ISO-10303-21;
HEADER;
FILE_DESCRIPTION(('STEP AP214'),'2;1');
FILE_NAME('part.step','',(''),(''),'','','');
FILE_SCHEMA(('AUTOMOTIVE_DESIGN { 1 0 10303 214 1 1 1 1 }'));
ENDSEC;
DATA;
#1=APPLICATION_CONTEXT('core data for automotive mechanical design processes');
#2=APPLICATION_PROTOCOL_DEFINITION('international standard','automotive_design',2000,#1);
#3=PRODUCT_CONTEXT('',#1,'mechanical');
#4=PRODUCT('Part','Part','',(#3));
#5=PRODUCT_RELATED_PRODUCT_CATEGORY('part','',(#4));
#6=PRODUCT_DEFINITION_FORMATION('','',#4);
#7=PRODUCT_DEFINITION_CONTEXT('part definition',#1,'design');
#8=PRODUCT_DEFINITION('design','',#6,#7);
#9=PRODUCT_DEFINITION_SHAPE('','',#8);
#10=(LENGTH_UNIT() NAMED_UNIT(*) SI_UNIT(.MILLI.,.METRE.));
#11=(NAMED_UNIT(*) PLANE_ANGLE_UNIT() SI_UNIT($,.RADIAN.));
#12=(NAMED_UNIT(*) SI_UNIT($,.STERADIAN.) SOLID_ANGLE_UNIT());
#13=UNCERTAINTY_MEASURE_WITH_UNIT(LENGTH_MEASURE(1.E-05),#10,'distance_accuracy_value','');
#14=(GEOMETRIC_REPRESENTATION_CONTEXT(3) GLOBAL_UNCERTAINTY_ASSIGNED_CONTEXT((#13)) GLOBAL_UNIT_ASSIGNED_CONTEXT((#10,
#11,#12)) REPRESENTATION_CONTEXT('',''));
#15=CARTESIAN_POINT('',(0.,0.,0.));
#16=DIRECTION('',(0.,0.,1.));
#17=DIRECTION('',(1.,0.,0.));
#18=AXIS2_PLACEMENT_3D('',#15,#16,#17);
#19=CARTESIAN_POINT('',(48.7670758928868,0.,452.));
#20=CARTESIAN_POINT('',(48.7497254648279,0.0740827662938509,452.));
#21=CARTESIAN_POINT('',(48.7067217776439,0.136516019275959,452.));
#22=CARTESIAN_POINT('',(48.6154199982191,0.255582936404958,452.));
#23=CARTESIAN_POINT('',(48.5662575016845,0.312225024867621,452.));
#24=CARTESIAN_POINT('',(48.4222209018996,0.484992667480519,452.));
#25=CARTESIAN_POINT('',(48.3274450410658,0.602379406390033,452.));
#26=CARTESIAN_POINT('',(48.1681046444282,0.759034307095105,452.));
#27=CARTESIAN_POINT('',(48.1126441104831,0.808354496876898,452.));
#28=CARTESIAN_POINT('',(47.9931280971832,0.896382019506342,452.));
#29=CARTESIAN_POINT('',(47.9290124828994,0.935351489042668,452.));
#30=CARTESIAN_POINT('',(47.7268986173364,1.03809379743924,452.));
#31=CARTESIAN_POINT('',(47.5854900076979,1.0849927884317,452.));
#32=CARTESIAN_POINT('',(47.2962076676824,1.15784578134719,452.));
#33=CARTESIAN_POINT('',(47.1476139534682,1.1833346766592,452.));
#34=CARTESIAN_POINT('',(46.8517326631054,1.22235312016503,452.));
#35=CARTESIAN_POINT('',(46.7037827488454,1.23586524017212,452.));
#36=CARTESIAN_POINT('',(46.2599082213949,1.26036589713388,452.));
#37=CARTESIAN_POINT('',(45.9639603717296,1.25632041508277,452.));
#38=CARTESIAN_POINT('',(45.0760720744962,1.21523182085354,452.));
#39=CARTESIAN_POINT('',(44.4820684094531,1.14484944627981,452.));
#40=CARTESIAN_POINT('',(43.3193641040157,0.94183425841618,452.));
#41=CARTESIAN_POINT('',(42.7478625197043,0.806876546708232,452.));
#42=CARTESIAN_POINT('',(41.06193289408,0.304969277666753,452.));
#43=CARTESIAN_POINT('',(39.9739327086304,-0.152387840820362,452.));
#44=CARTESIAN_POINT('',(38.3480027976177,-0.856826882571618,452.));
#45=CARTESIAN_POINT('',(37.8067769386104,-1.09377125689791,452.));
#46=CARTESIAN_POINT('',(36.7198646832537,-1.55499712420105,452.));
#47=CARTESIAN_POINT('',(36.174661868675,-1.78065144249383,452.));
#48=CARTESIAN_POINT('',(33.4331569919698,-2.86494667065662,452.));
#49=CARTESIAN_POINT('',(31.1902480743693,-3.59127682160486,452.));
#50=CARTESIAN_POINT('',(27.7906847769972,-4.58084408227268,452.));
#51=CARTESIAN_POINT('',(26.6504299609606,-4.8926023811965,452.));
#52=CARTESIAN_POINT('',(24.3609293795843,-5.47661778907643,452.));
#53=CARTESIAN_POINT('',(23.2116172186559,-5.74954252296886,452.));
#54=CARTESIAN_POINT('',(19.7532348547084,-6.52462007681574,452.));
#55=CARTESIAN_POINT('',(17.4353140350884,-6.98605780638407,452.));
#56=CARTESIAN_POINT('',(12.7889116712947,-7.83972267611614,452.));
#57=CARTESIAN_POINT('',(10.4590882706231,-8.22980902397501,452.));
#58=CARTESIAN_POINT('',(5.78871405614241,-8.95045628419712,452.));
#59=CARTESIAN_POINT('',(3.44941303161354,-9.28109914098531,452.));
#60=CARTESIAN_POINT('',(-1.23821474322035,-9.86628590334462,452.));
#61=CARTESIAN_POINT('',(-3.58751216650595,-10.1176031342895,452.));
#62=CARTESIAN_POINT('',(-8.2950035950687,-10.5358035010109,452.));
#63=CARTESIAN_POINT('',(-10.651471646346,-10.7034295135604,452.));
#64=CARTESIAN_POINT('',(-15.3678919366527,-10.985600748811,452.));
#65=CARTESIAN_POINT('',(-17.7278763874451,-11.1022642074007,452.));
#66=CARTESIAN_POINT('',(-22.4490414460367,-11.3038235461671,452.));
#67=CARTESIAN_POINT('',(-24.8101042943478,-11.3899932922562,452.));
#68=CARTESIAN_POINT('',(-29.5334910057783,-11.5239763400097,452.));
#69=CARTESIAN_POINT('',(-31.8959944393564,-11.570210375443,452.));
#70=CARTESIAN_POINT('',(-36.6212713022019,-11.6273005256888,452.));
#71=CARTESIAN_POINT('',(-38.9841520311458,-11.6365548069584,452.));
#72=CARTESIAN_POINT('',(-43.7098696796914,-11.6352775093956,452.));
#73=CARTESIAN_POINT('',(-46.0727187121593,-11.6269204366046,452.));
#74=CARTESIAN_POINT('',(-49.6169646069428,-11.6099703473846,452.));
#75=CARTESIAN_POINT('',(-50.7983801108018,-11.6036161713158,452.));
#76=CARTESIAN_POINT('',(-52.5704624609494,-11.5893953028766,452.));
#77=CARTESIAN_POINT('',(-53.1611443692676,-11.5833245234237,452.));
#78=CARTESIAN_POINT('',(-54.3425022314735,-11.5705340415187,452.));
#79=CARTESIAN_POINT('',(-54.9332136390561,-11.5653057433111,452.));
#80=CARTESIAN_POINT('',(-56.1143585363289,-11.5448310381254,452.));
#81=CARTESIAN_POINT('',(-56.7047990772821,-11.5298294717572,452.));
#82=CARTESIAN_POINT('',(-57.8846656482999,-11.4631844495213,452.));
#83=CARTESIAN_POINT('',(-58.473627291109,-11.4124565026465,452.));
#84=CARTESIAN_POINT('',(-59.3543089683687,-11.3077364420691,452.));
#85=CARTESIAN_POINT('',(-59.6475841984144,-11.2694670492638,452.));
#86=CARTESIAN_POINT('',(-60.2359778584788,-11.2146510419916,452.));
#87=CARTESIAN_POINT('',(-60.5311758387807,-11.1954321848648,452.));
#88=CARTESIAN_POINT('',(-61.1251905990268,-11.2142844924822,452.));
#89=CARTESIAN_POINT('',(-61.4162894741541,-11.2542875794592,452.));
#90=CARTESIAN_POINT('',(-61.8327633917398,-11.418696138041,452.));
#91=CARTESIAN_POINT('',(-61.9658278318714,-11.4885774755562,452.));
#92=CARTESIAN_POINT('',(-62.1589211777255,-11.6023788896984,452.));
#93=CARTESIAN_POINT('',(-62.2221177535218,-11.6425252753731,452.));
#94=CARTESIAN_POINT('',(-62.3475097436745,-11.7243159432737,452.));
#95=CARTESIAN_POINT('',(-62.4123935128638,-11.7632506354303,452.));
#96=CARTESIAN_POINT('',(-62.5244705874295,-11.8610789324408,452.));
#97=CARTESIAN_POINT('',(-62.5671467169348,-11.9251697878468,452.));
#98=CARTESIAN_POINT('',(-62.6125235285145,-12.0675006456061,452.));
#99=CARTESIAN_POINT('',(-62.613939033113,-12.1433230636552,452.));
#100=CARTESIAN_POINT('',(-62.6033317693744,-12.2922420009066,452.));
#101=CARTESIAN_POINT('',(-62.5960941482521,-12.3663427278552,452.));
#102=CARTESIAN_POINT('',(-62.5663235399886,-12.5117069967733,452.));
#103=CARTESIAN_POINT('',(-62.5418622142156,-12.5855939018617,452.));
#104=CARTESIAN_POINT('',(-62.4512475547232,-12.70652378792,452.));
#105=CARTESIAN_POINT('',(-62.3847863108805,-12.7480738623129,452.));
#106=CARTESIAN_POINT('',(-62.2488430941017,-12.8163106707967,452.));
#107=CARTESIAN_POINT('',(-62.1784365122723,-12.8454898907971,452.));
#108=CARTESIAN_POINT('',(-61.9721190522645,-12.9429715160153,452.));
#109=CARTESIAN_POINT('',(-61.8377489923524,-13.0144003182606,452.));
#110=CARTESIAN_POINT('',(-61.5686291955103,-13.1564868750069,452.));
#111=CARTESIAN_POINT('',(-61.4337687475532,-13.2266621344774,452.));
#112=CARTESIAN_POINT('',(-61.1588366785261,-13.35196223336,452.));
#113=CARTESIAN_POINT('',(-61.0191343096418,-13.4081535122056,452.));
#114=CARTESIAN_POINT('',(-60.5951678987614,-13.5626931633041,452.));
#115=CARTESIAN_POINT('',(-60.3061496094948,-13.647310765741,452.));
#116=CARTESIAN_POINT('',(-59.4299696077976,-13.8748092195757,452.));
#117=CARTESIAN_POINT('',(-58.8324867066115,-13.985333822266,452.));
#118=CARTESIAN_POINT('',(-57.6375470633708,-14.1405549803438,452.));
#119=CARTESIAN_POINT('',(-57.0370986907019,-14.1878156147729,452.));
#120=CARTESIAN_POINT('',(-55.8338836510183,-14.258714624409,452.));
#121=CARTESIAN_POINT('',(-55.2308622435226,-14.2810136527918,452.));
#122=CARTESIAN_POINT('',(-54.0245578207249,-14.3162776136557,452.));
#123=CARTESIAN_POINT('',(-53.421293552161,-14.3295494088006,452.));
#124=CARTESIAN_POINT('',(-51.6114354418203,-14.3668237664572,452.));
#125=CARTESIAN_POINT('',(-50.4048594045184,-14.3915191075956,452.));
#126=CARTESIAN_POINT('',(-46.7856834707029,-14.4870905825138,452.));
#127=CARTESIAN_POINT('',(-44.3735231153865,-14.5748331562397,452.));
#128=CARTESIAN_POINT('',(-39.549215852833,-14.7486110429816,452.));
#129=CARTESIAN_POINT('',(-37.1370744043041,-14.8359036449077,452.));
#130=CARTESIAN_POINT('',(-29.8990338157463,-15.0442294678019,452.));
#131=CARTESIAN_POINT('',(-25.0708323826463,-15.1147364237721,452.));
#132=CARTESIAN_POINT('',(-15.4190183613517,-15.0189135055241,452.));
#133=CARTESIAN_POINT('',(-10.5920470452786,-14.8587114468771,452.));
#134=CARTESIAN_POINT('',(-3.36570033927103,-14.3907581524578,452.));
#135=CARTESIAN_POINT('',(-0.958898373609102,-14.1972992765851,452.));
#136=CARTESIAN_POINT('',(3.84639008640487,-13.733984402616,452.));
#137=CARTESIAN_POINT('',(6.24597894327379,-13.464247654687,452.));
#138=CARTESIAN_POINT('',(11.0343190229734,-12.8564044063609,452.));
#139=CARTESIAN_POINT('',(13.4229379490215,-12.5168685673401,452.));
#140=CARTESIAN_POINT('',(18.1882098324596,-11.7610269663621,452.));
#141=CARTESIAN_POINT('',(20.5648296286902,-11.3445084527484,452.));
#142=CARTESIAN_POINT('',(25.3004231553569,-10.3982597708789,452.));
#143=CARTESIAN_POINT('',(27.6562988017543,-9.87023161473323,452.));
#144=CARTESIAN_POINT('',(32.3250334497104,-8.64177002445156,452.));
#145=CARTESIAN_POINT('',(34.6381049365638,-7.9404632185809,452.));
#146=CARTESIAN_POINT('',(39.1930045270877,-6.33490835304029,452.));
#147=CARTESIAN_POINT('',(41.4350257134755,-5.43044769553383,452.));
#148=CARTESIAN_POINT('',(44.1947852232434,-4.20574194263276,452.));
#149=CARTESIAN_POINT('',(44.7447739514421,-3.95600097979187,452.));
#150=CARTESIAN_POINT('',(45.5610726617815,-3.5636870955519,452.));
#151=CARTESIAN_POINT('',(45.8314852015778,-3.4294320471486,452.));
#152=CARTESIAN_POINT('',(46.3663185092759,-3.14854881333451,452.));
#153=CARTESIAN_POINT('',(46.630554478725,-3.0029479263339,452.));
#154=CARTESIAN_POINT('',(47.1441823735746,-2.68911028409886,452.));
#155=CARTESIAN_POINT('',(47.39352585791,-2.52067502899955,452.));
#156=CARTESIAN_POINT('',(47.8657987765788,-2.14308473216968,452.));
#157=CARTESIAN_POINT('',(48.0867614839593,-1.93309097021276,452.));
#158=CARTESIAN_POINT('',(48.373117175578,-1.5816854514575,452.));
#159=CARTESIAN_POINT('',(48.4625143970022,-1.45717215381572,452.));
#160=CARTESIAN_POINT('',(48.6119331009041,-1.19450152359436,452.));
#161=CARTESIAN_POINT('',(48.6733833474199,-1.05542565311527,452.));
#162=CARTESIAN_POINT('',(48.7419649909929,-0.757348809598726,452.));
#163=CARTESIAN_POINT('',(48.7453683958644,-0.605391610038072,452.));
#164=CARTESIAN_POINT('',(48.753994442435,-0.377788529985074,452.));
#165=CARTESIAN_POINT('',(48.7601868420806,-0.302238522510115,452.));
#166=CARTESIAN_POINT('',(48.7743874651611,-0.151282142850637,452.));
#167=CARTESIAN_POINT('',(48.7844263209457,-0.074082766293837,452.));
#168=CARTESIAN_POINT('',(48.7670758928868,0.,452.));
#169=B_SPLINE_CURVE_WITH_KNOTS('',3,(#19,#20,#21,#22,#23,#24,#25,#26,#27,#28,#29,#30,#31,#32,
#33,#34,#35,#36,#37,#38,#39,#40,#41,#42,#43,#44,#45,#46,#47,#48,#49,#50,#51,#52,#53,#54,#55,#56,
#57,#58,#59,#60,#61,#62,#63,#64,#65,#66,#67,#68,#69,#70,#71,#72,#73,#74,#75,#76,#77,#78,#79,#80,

○ ○ ○

#### [EXERCISE]
Only lines with the word "mechanical" are wanted. Find and copy them from the records above.

#### [EXERCISE RESULT]
#1=APPLICATION_CONTEXT('core data for automotive mechanical design processes');
#3=PRODUCT_CONTEXT('',#1,'mechanical');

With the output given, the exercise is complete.